Je ne sais pas si le pom­mier
brû­le­ra au fond des affluents,
mais il est temps d’ouvrir les portes
des anciens calen­driers de l’équinoxe.

                       *

Les nuages res­semblent déjà
à une minus­cule grappe de rai­sin.
Semblable à celle
que les acro­poles ont éri­gée
sur les fenêtres d’Ephèse.

                       *

Je laisse ici les clés
de notre exil pour que
les apôtres ou les oracles
ques­tionnent un jour
les miroirs à jamais vides.

                       *

Personne ne pour­ra
donc nous repro­cher
d’avoir oublié les astres,

Les seuls
sur­vi­vants de la mémoire. 

 

« Terre de feu sui­vi de Nuages » (Domens, 2013).

 

 

Présentation de l’auteur

Patricio Sanchez-Rojas

Patricio Sanchez Rojas est poète, ensei­gnant, tra­duc­teur et ani­ma­teur d’ateliers d’écriture. Né au Chili, il passe son enfance à Talca et à Valdivia. En 1977, sa famille est expul­sée du pays et s’installe à Paris. Il tra­vaille à l’Institut Claparède de Neuilly et dit ses poèmes au Centre Pompidou. Il pour­suit ses études his­pa­niques à Montpellier et à Madrid. Naturalisé fran­çais en 1993, il séjourne quelques années aux États-Unis.

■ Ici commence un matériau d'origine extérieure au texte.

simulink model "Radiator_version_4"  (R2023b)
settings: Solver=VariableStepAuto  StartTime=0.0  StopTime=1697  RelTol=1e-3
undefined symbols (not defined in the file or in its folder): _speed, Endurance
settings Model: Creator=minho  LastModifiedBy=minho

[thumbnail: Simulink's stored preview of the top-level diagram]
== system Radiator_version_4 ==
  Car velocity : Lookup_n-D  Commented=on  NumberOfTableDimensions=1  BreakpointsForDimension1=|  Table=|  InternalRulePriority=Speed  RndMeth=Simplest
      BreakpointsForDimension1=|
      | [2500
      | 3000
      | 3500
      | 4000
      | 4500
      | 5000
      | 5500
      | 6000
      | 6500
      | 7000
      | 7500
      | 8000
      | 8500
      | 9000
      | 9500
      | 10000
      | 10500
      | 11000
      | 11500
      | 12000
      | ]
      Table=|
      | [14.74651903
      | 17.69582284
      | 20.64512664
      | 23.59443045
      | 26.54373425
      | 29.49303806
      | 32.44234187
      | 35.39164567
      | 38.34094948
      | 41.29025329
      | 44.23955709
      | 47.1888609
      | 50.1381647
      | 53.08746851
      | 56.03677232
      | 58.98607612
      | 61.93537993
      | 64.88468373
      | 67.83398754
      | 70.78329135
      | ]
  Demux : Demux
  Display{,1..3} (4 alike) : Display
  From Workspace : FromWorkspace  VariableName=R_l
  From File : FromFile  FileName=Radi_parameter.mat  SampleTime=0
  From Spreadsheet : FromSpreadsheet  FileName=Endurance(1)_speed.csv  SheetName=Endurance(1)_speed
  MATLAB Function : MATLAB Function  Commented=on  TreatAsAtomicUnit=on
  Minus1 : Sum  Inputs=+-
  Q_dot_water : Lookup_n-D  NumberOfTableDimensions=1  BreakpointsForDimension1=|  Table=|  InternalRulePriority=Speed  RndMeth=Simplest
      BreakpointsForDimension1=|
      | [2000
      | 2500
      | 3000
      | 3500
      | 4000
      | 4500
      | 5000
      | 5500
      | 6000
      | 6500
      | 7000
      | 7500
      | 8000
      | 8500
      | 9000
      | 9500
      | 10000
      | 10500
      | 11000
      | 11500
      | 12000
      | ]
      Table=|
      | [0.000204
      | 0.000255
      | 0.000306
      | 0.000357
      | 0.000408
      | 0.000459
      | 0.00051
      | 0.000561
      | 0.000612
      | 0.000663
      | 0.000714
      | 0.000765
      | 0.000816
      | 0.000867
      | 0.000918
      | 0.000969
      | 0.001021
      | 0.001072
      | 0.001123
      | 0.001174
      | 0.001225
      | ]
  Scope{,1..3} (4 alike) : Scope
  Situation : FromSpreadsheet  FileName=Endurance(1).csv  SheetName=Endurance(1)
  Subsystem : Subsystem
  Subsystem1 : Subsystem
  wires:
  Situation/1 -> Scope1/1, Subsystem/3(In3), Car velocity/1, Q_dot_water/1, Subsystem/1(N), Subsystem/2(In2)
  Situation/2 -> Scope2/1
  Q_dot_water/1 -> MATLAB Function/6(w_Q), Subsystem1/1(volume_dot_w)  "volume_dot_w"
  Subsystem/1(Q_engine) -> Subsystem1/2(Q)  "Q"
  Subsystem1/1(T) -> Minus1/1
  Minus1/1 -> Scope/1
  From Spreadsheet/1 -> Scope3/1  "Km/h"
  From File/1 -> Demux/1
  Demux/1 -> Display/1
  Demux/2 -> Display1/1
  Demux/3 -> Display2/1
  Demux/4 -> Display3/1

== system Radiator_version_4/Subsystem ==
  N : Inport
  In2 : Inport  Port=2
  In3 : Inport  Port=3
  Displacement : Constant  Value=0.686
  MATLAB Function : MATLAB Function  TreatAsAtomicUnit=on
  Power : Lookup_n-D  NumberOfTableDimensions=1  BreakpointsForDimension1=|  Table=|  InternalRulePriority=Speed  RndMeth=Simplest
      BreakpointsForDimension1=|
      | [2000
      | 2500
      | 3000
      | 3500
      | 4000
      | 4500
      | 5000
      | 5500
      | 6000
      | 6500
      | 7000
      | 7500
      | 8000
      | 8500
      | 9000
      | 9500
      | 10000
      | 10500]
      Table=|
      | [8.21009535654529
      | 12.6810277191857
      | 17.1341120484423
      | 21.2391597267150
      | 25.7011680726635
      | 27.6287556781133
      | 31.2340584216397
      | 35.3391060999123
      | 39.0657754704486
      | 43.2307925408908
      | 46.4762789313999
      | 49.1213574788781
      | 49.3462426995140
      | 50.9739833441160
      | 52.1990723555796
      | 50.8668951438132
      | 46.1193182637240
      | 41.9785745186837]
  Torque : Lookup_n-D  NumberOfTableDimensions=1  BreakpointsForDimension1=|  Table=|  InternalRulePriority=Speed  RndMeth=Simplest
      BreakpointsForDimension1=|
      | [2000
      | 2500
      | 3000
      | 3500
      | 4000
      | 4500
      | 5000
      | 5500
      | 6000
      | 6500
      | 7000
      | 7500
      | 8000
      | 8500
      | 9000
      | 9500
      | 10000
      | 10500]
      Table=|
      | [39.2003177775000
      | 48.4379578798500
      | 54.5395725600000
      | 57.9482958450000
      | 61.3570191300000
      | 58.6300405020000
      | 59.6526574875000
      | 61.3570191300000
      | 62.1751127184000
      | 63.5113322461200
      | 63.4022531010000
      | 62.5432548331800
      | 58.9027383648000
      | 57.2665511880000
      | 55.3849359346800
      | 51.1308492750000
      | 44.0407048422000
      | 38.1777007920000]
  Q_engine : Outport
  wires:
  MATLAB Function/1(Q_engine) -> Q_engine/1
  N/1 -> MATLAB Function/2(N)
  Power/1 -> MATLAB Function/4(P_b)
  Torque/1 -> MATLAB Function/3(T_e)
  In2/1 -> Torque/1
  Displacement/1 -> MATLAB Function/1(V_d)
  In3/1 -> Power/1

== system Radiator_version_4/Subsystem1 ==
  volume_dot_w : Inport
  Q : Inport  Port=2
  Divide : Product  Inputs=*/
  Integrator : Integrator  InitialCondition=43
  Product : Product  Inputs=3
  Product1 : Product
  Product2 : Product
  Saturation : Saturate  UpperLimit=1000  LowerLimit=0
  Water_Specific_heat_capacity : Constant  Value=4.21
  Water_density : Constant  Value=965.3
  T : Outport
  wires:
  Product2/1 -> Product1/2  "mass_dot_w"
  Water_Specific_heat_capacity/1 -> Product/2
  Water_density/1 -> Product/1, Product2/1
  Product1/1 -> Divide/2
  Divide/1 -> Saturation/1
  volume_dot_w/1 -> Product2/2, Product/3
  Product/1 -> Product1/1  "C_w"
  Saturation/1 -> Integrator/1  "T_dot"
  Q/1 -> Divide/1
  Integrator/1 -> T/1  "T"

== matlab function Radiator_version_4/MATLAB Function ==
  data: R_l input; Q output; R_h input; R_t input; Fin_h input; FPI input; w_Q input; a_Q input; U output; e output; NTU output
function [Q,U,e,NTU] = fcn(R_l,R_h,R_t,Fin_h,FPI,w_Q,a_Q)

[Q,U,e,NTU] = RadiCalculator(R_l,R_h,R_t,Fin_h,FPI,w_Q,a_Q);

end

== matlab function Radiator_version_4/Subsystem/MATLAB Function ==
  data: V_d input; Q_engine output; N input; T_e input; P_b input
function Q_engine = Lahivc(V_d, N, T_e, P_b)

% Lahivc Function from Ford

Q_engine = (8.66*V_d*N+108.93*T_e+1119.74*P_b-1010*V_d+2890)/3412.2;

À son retour, il enseigne l’espagnol en col­lège, au lycée et dans les uni­ver­si­tés de Nîmes, Avignon et Montpellier. Ses poèmes figurent dans diverses revues de lit­té­ra­ture et antho­lo­gies fran­çaises, his­pa­no­phones et ita­liennes. Il a reçu de nom­breuses récom­penses lit­té­raires au Chili, en Espagne et en France. En 2014, il par­ti­cipe au Festival Voix Vives de Toledo, la même année il rejoint l’équipe des ani­ma­teurs du Festival Voix Vives de Sète. Il est membre de la Maison de la poé­sie Jean Joubert de Montpellier.